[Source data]
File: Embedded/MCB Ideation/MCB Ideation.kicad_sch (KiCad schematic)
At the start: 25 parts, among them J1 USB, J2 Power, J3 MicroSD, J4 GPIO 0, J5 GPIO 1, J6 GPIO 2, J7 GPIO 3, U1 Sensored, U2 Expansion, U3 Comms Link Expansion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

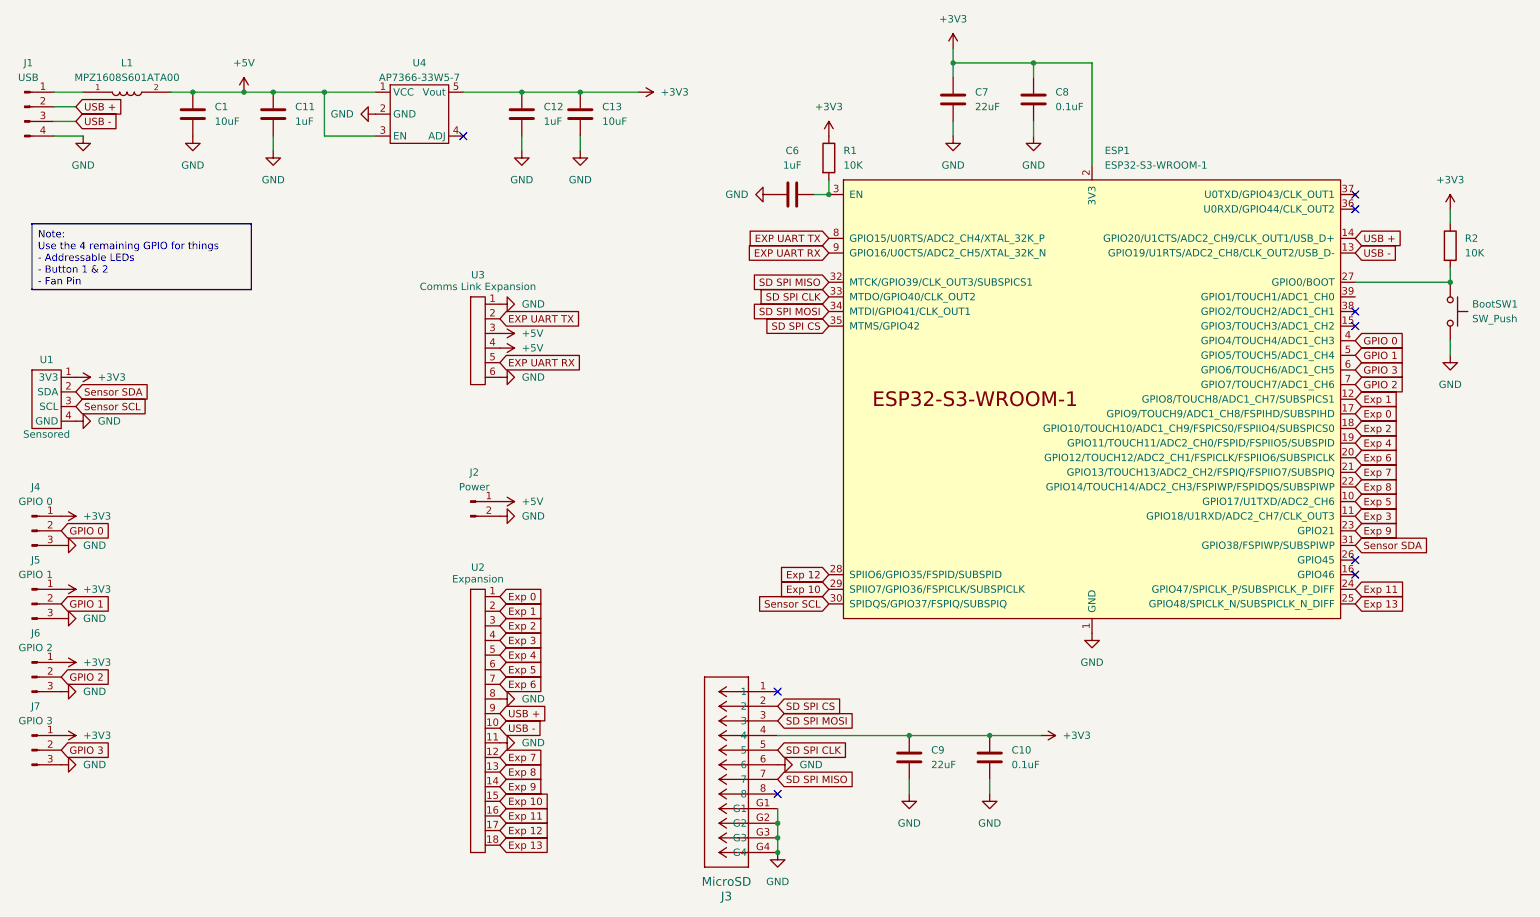
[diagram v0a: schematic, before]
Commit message: Modified GPIO Expansion Pins
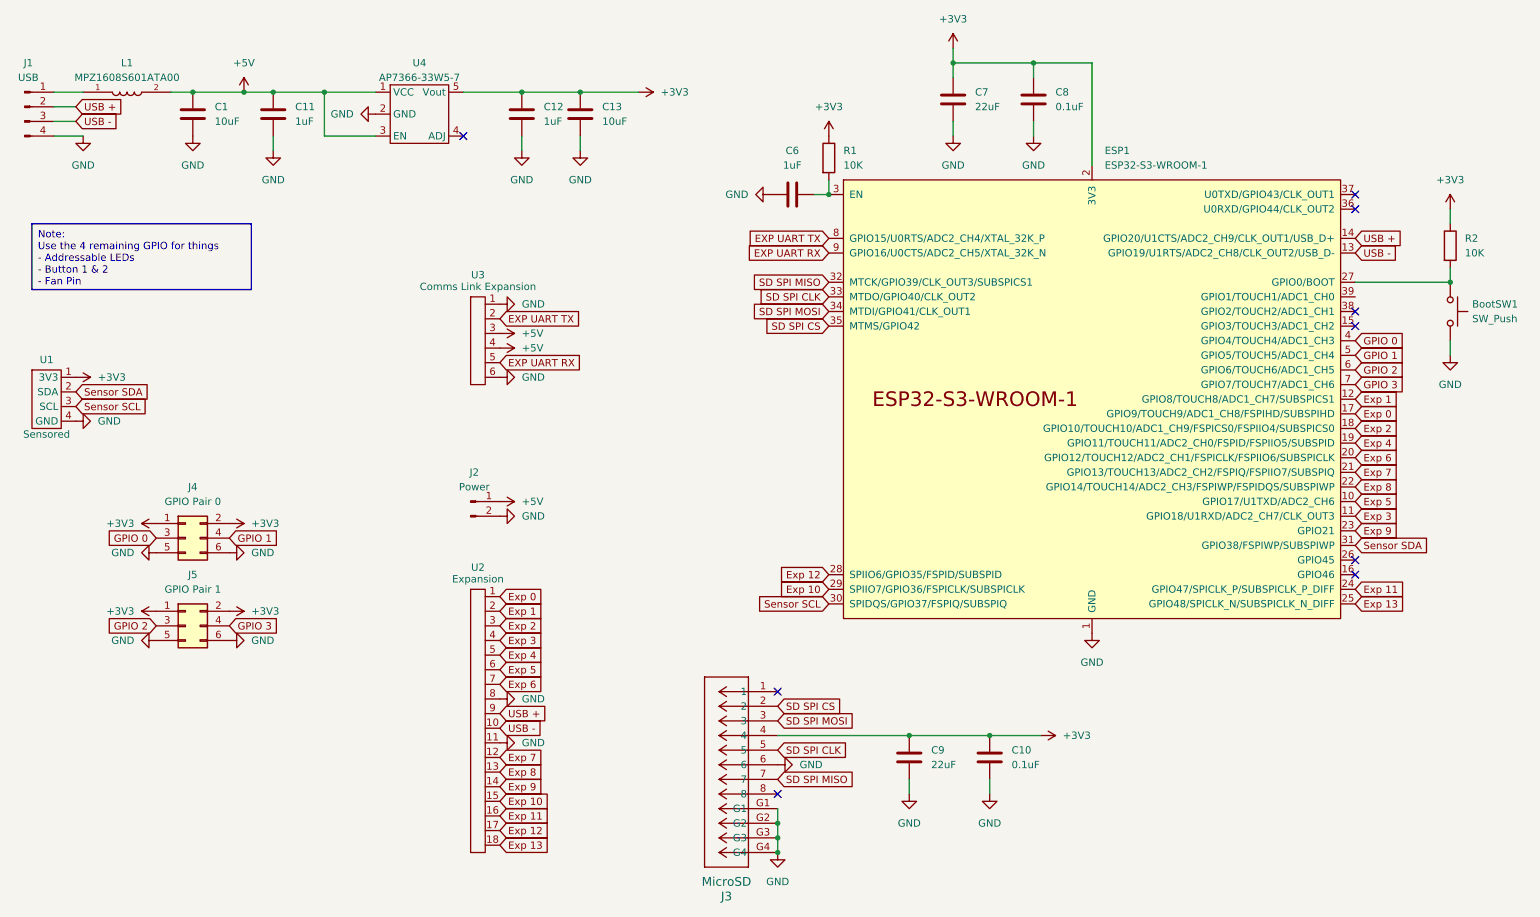
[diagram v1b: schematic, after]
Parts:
- removed J4: GPIO 0, Connector_PinHeader_2.54mm:PinHeader_1x03_P2.54mm_Vertical, symbol Connector:Conn_01x03_Pin
- removed J5: GPIO 1, Connector_PinHeader_2.54mm:PinHeader_1x03_P2.54mm_Vertical, symbol Connector:Conn_01x03_Pin
- removed J6: GPIO 2, Connector_PinHeader_2.54mm:PinHeader_1x03_P2.54mm_Vertical, symbol Connector:Conn_01x03_Pin
- removed J7: GPIO 3, Connector_PinHeader_2.54mm:PinHeader_1x03_P2.54mm_Vertical, symbol Connector:Conn_01x03_Pin
- added J4: GPIO Pair 0, Connector_PinHeader_2.54mm:PinHeader_2x03_P2.54mm_Vertical, symbol Connector_Generic:Conn_02x03_Odd_Even
- added J5: GPIO Pair 1, Connector_PinHeader_2.54mm:PinHeader_2x03_P2.54mm_Vertical, symbol Connector_Generic:Conn_02x03_Odd_Even
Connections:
- net +3V3: now also J4.1 (Pin_1), J4.2 (Pin_2), J5.1 (Pin_1), J5.2 (Pin_2)
- net GND: now also J4.5 (Pin_5), J4.6 (Pin_6), J5.5 (Pin_5), J5.6 (Pin_6)
- net GPIO 0: now also J4.3 (Pin_3)
- net GPIO 1: now also J4.4 (Pin_4)
- net GPIO 2: now also ESP1.6 (GPIO6/TOUCH6/ADC1_CH5), J5.3 (Pin_3); no longer ESP1.7 (GPIO7/TOUCH7/ADC1_CH6)
- net GPIO 3: now also ESP1.7 (GPIO7/TOUCH7/ADC1_CH6), J5.4 (Pin_4); no longer ESP1.6 (GPIO6/TOUCH6/ADC1_CH5)

**How to complete this task**
Reproduce only the lines above spanning from the line containing "- removed J7: GPIO" through the line containing "- net GPIO 2: now", word for word.

**Answer**
- removed J7: GPIO 3, Connector_PinHeader_2.54mm:PinHeader_1x03_P2.54mm_Vertical, symbol Connector:Conn_01x03_Pin
- added J4: GPIO Pair 0, Connector_PinHeader_2.54mm:PinHeader_2x03_P2.54mm_Vertical, symbol Connector_Generic:Conn_02x03_Odd_Even
- added J5: GPIO Pair 1, Connector_PinHeader_2.54mm:PinHeader_2x03_P2.54mm_Vertical, symbol Connector_Generic:Conn_02x03_Odd_Even
Connections:
- net +3V3: now also J4.1 (Pin_1), J4.2 (Pin_2), J5.1 (Pin_1), J5.2 (Pin_2)
- net GND: now also J4.5 (Pin_5), J4.6 (Pin_6), J5.5 (Pin_5), J5.6 (Pin_6)
- net GPIO 0: now also J4.3 (Pin_3)
- net GPIO 1: now also J4.4 (Pin_4)
- net GPIO 2: now also ESP1.6 (GPIO6/TOUCH6/ADC1_CH5), J5.3 (Pin_3); no longer ESP1.7 (GPIO7/TOUCH7/ADC1_CH6)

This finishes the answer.